- _Aim of the exercise_
Go over the listing below line by line, and return each one holding the string "VECTOR".

- _Records supplied_

= = = = = = =

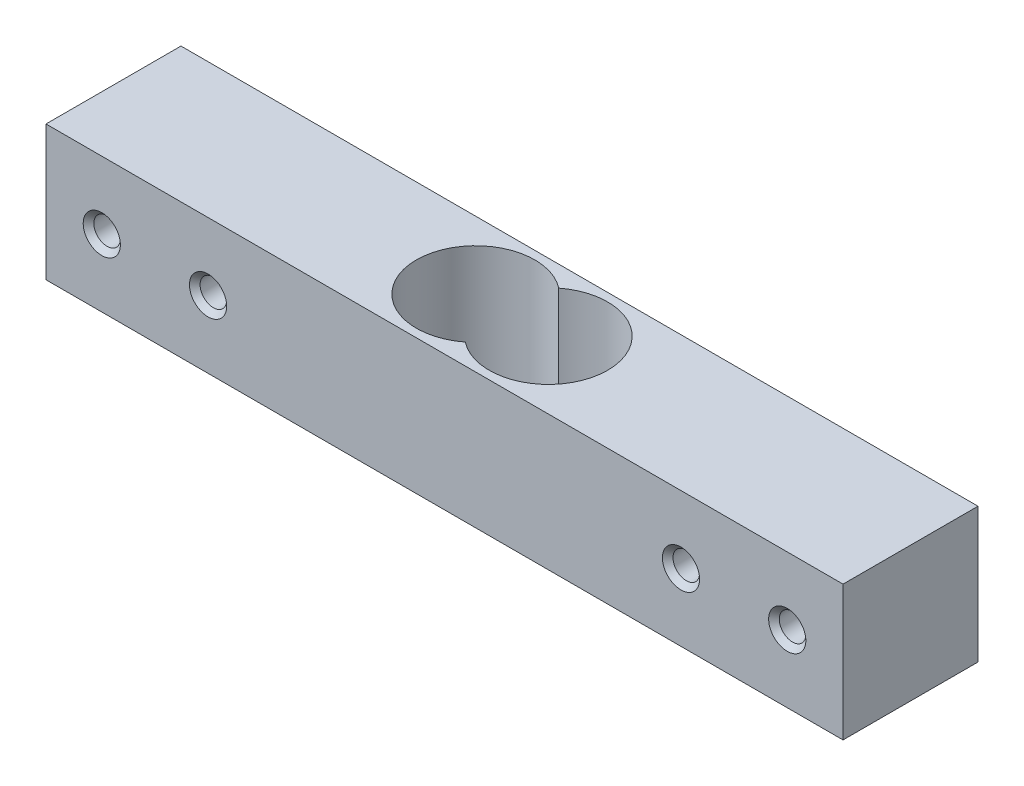
ISO-10303-21;
HEADER;
FILE_DESCRIPTION(('STEP AP214'),'2;1');
FILE_NAME('part.step','',(''),(''),'','','');
FILE_SCHEMA(('AUTOMOTIVE_DESIGN { 1 0 10303 214 1 1 1 1 }'));
ENDSEC;
DATA;
#1=APPLICATION_CONTEXT('core data for automotive mechanical design processes');
#2=APPLICATION_PROTOCOL_DEFINITION('international standard','automotive_design',2000,#1);
#3=PRODUCT_CONTEXT('',#1,'mechanical');
#4=PRODUCT('Part','Part','',(#3));
#5=PRODUCT_RELATED_PRODUCT_CATEGORY('part','',(#4));
#6=PRODUCT_DEFINITION_FORMATION('','',#4);
#7=PRODUCT_DEFINITION_CONTEXT('part definition',#1,'design');
#8=PRODUCT_DEFINITION('design','',#6,#7);
#9=PRODUCT_DEFINITION_SHAPE('','',#8);
#10=(LENGTH_UNIT() NAMED_UNIT(*) SI_UNIT(.MILLI.,.METRE.));
#11=(NAMED_UNIT(*) PLANE_ANGLE_UNIT() SI_UNIT($,.RADIAN.));
#12=(NAMED_UNIT(*) SI_UNIT($,.STERADIAN.) SOLID_ANGLE_UNIT());
#13=UNCERTAINTY_MEASURE_WITH_UNIT(LENGTH_MEASURE(1.E-05),#10,'distance_accuracy_value','');
#14=(GEOMETRIC_REPRESENTATION_CONTEXT(3) GLOBAL_UNCERTAINTY_ASSIGNED_CONTEXT((#13)) GLOBAL_UNIT_ASSIGNED_CONTEXT((#10,
#11,#12)) REPRESENTATION_CONTEXT('',''));
#15=CARTESIAN_POINT('',(0.,0.,0.));
#16=DIRECTION('',(0.,0.,1.));
#17=DIRECTION('',(1.,0.,0.));
#18=AXIS2_PLACEMENT_3D('',#15,#16,#17);
#19=CARTESIAN_POINT('',(0.,6.35,6.35));
#20=DIRECTION('',(0.,0.,-1.));
#21=DIRECTION('',(-1.,0.,0.));
#22=AXIS2_PLACEMENT_3D('',#19,#20,#21);
#23=PLANE('',#22);
#24=CARTESIAN_POINT('',(-32.25,0.,6.35));
#25=DIRECTION('',(0.,0.,-1.));
#26=DIRECTION('',(-1.,0.,0.));
#27=AXIS2_PLACEMENT_3D('',#24,#25,#26);
#28=CIRCLE('',#27,1.75);
#29=CARTESIAN_POINT('',(-34.,0.,6.35));
#30=VERTEX_POINT('',#29);
#31=EDGE_CURVE('E232',#30,#30,#28,.T.);
#32=ORIENTED_EDGE('',*,*,#31,.T.);
#33=EDGE_LOOP('',(#32));
#34=FACE_BOUND('',#33,.T.);
#35=CARTESIAN_POINT('',(-22.25,0.,6.35));
#36=DIRECTION('',(0.,0.,-1.));
#37=DIRECTION('',(-1.,0.,0.));
#38=AXIS2_PLACEMENT_3D('',#35,#36,#37);
#39=CIRCLE('',#38,1.75);
#40=CARTESIAN_POINT('',(-24.,0.,6.35));
#41=VERTEX_POINT('',#40);
#42=EDGE_CURVE('E240',#41,#41,#39,.T.);
#43=ORIENTED_EDGE('',*,*,#42,.T.);
#44=EDGE_LOOP('',(#43));
#45=FACE_BOUND('',#44,.T.);
#46=CARTESIAN_POINT('',(22.25,0.,6.35));
#47=DIRECTION('',(0.,0.,-1.));
#48=DIRECTION('',(-1.,0.,0.));
#49=AXIS2_PLACEMENT_3D('',#46,#47,#48);
#50=CIRCLE('',#49,1.75);
#51=CARTESIAN_POINT('',(20.5,0.,6.35));
#52=VERTEX_POINT('',#51);
#53=EDGE_CURVE('E249',#52,#52,#50,.T.);
#54=ORIENTED_EDGE('',*,*,#53,.T.);
#55=EDGE_LOOP('',(#54));
#56=FACE_BOUND('',#55,.T.);
#57=CARTESIAN_POINT('',(32.25,0.,6.35));
#58=DIRECTION('',(0.,0.,-1.));
#59=DIRECTION('',(-1.,0.,0.));
#60=AXIS2_PLACEMENT_3D('',#57,#58,#59);
#61=CIRCLE('',#60,1.74999999999999);
#62=CARTESIAN_POINT('',(30.5,0.,6.35));
#63=VERTEX_POINT('',#62);
#64=EDGE_CURVE('E212',#63,#63,#61,.T.);
#65=ORIENTED_EDGE('',*,*,#64,.T.);
#66=EDGE_LOOP('',(#65));
#67=FACE_BOUND('',#66,.T.);
#68=DIRECTION('',(1.,0.,0.));
#69=VECTOR('',#68,1.);
#70=CARTESIAN_POINT('',(0.,-6.35,6.35));
#71=LINE('',#70,#69);
#72=CARTESIAN_POINT('',(-37.5,-6.35,6.35));
#73=VERTEX_POINT('',#72);
#74=CARTESIAN_POINT('',(37.5,-6.35,6.35));
#75=VERTEX_POINT('',#74);
#76=EDGE_CURVE('E140',#73,#75,#71,.T.);
#77=ORIENTED_EDGE('',*,*,#76,.T.);
#78=DIRECTION('',(0.,-1.,0.));
#79=VECTOR('',#78,1.);
#80=CARTESIAN_POINT('',(37.5,6.35,6.35));
#81=LINE('',#80,#79);
#82=CARTESIAN_POINT('',(37.5,6.35,6.35));
#83=VERTEX_POINT('',#82);
#84=EDGE_CURVE('E11',#83,#75,#81,.T.);
#85=ORIENTED_EDGE('',*,*,#84,.F.);
#86=DIRECTION('',(1.,0.,0.));
#87=VECTOR('',#86,1.);
#88=CARTESIAN_POINT('',(0.,6.35,6.35));
#89=LINE('',#88,#87);
#90=CARTESIAN_POINT('',(-37.5,6.35,6.35));
#91=VERTEX_POINT('',#90);
#92=EDGE_CURVE('E108',#91,#83,#89,.T.);
#93=ORIENTED_EDGE('',*,*,#92,.F.);
#94=DIRECTION('',(0.,-1.,0.));
#95=VECTOR('',#94,1.);
#96=CARTESIAN_POINT('',(-37.5,6.35,6.35));
#97=LINE('',#96,#95);
#98=EDGE_CURVE('E60',#91,#73,#97,.T.);
#99=ORIENTED_EDGE('',*,*,#98,.T.);
#100=EDGE_LOOP('',(#77,#85,#93,#99));
#101=FACE_BOUND('',#100,.T.);
#102=ADVANCED_FACE('F40',(#34,#45,#56,#67,#101),#23,.F.);
#103=CARTESIAN_POINT('',(37.5,6.35,0.));
#104=DIRECTION('',(-1.,0.,0.));
#105=DIRECTION('',(0.,0.,1.));
#106=AXIS2_PLACEMENT_3D('',#103,#104,#105);
#107=PLANE('',#106);
#108=DIRECTION('',(0.,0.,-1.));
#109=VECTOR('',#108,1.);
#110=CARTESIAN_POINT('',(37.5,-6.35,0.));
#111=LINE('',#110,#109);
#112=CARTESIAN_POINT('',(37.5,-6.35,-6.35));
#113=VERTEX_POINT('',#112);
#114=EDGE_CURVE('E115',#75,#113,#111,.T.);
#115=ORIENTED_EDGE('',*,*,#114,.T.);
#116=DIRECTION('',(0.,-1.,0.));
#117=VECTOR('',#116,1.);
#118=CARTESIAN_POINT('',(37.5,6.35,-6.35));
#119=LINE('',#118,#117);
#120=CARTESIAN_POINT('',(37.5,6.35,-6.35));
#121=VERTEX_POINT('',#120);
#122=EDGE_CURVE('E51',#121,#113,#119,.T.);
#123=ORIENTED_EDGE('',*,*,#122,.F.);
#124=DIRECTION('',(0.,0.,-1.));
#125=VECTOR('',#124,1.);
#126=CARTESIAN_POINT('',(37.5,6.35,0.));
#127=LINE('',#126,#125);
#128=EDGE_CURVE('E102',#83,#121,#127,.T.);
#129=ORIENTED_EDGE('',*,*,#128,.F.);
#130=ORIENTED_EDGE('',*,*,#84,.T.);
#131=EDGE_LOOP('',(#115,#123,#129,#130));
#132=FACE_BOUND('',#131,.T.);
#133=ADVANCED_FACE('F114',(#132),#107,.F.);
#134=CARTESIAN_POINT('',(0.,6.35,-6.35));
#135=DIRECTION('',(0.,0.,-1.));
#136=DIRECTION('',(-1.,0.,0.));
#137=AXIS2_PLACEMENT_3D('',#134,#135,#136);
#138=PLANE('',#137);
#139=CARTESIAN_POINT('',(-32.25,0.,-6.35));
#140=DIRECTION('',(0.,0.,-1.));
#141=DIRECTION('',(-1.,0.,0.));
#142=AXIS2_PLACEMENT_3D('',#139,#140,#141);
#143=CIRCLE('',#142,1.75);
#144=CARTESIAN_POINT('',(-34.,0.,-6.35));
#145=VERTEX_POINT('',#144);
#146=EDGE_CURVE('E197',#145,#145,#143,.T.);
#147=ORIENTED_EDGE('',*,*,#146,.F.);
#148=EDGE_LOOP('',(#147));
#149=FACE_BOUND('',#148,.T.);
#150=CARTESIAN_POINT('',(-22.25,0.,-6.35));
#151=DIRECTION('',(0.,0.,-1.));
#152=DIRECTION('',(-1.,0.,0.));
#153=AXIS2_PLACEMENT_3D('',#150,#151,#152);
#154=CIRCLE('',#153,1.75);
#155=CARTESIAN_POINT('',(-24.,0.,-6.35));
#156=VERTEX_POINT('',#155);
#157=EDGE_CURVE('E201',#156,#156,#154,.T.);
#158=ORIENTED_EDGE('',*,*,#157,.F.);
#159=EDGE_LOOP('',(#158));
#160=FACE_BOUND('',#159,.T.);
#161=CARTESIAN_POINT('',(22.25,0.,-6.35));
#162=DIRECTION('',(0.,0.,-1.));
#163=DIRECTION('',(-1.,0.,0.));
#164=AXIS2_PLACEMENT_3D('',#161,#162,#163);
#165=CIRCLE('',#164,1.75);
#166=CARTESIAN_POINT('',(20.5,0.,-6.35));
#167=VERTEX_POINT('',#166);
#168=EDGE_CURVE('E205',#167,#167,#165,.T.);
#169=ORIENTED_EDGE('',*,*,#168,.F.);
#170=EDGE_LOOP('',(#169));
#171=FACE_BOUND('',#170,.T.);
#172=CARTESIAN_POINT('',(32.25,0.,-6.35));
#173=DIRECTION('',(0.,0.,-1.));
#174=DIRECTION('',(-1.,0.,0.));
#175=AXIS2_PLACEMENT_3D('',#172,#173,#174);
#176=CIRCLE('',#175,1.75);
#177=CARTESIAN_POINT('',(30.5,0.,-6.35));
#178=VERTEX_POINT('',#177);
#179=EDGE_CURVE('E208',#178,#178,#176,.T.);
#180=ORIENTED_EDGE('',*,*,#179,.F.);
#181=EDGE_LOOP('',(#180));
#182=FACE_BOUND('',#181,.T.);
#183=DIRECTION('',(1.,0.,0.));
#184=VECTOR('',#183,1.);
#185=CARTESIAN_POINT('',(0.,-6.35,-6.35));
#186=LINE('',#185,#184);
#187=CARTESIAN_POINT('',(-37.5,-6.35,-6.35));
#188=VERTEX_POINT('',#187);
#189=EDGE_CURVE('E145',#188,#113,#186,.T.);
#190=ORIENTED_EDGE('',*,*,#189,.F.);
#191=DIRECTION('',(0.,-1.,0.));
#192=VECTOR('',#191,1.);
#193=CARTESIAN_POINT('',(-37.5,6.35,-6.35));
#194=LINE('',#193,#192);
#195=CARTESIAN_POINT('',(-37.5,6.35,-6.35));
#196=VERTEX_POINT('',#195);
#197=EDGE_CURVE('E80',#196,#188,#194,.T.);
#198=ORIENTED_EDGE('',*,*,#197,.F.);
#199=DIRECTION('',(1.,0.,0.));
#200=VECTOR('',#199,1.);
#201=CARTESIAN_POINT('',(0.,6.35,-6.35));
#202=LINE('',#201,#200);
#203=EDGE_CURVE('E107',#196,#121,#202,.T.);
#204=ORIENTED_EDGE('',*,*,#203,.T.);
#205=ORIENTED_EDGE('',*,*,#122,.T.);
#206=EDGE_LOOP('',(#190,#198,#204,#205));
#207=FACE_BOUND('',#206,.T.);
#208=ADVANCED_FACE('F120',(#149,#160,#171,#182,#207),#138,.T.);
#209=CARTESIAN_POINT('',(3.425,6.35,0.));
#210=DIRECTION('',(0.,-1.,0.));
#211=DIRECTION('',(0.,0.,-1.));
#212=AXIS2_PLACEMENT_3D('',#209,#210,#211);
#213=CYLINDRICAL_SURFACE('',#212,5.575);
#214=CARTESIAN_POINT('',(3.425,-6.35,0.));
#215=DIRECTION('',(0.,1.,0.));
#216=DIRECTION('',(0.,0.,1.));
#217=AXIS2_PLACEMENT_3D('',#214,#215,#216);
#218=CIRCLE('',#217,5.575);
#219=CARTESIAN_POINT('',(0.,-6.35,4.39886348958455));
#220=VERTEX_POINT('',#219);
#221=CARTESIAN_POINT('',(0.,-6.35,-4.39886348958455));
#222=VERTEX_POINT('',#221);
#223=EDGE_CURVE('E131',#220,#222,#218,.T.);
#224=ORIENTED_EDGE('',*,*,#223,.F.);
#225=DIRECTION('',(0.,-1.,0.));
#226=VECTOR('',#225,1.);
#227=CARTESIAN_POINT('',(0.,6.35,4.39886348958455));
#228=LINE('',#227,#226);
#229=CARTESIAN_POINT('',(0.,6.35,4.39886348958455));
#230=VERTEX_POINT('',#229);
#231=EDGE_CURVE('E44',#230,#220,#228,.T.);
#232=ORIENTED_EDGE('',*,*,#231,.F.);
#233=CARTESIAN_POINT('',(3.425,6.35,0.));
#234=DIRECTION('',(0.,1.,0.));
#235=DIRECTION('',(0.,0.,1.));
#236=AXIS2_PLACEMENT_3D('',#233,#234,#235);
#237=CIRCLE('',#236,5.575);
#238=CARTESIAN_POINT('',(0.,6.35,-4.39886348958455));
#239=VERTEX_POINT('',#238);
#240=EDGE_CURVE('E152',#230,#239,#237,.T.);
#241=ORIENTED_EDGE('',*,*,#240,.T.);
#242=DIRECTION('',(0.,-1.,0.));
#243=VECTOR('',#242,1.);
#244=CARTESIAN_POINT('',(0.,6.35,-4.39886348958455));
#245=LINE('',#244,#243);
#246=EDGE_CURVE('E127',#239,#222,#245,.T.);
#247=ORIENTED_EDGE('',*,*,#246,.T.);
#248=EDGE_LOOP('',(#224,#232,#241,#247));
#249=FACE_BOUND('',#248,.T.);
#250=ADVANCED_FACE('F42',(#249),#213,.F.);
#251=CARTESIAN_POINT('',(-3.425,6.35,0.));
#252=DIRECTION('',(0.,-1.,0.));
#253=DIRECTION('',(0.,0.,-1.));
#254=AXIS2_PLACEMENT_3D('',#251,#252,#253);
#255=CYLINDRICAL_SURFACE('',#254,5.575);
#256=CARTESIAN_POINT('',(-3.425,-6.35,0.));
#257=DIRECTION('',(0.,1.,0.));
#258=DIRECTION('',(0.,0.,1.));
#259=AXIS2_PLACEMENT_3D('',#256,#257,#258);
#260=CIRCLE('',#259,5.575);
#261=EDGE_CURVE('E135',#222,#220,#260,.T.);
#262=ORIENTED_EDGE('',*,*,#261,.F.);
#263=ORIENTED_EDGE('',*,*,#246,.F.);
#264=CARTESIAN_POINT('',(-3.425,6.35,0.));
#265=DIRECTION('',(0.,1.,0.));
#266=DIRECTION('',(0.,0.,1.));
#267=AXIS2_PLACEMENT_3D('',#264,#265,#266);
#268=CIRCLE('',#267,5.575);
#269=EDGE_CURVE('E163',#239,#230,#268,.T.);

= = = = = = =

- _Output of the exercise_
#69=VECTOR('',#68,1.);
#79=VECTOR('',#78,1.);
#87=VECTOR('',#86,1.);
#95=VECTOR('',#94,1.);
#109=VECTOR('',#108,1.);
#117=VECTOR('',#116,1.);
#125=VECTOR('',#124,1.);
#184=VECTOR('',#183,1.);
#192=VECTOR('',#191,1.);
#200=VECTOR('',#199,1.);
#226=VECTOR('',#225,1.);
#243=VECTOR('',#242,1.);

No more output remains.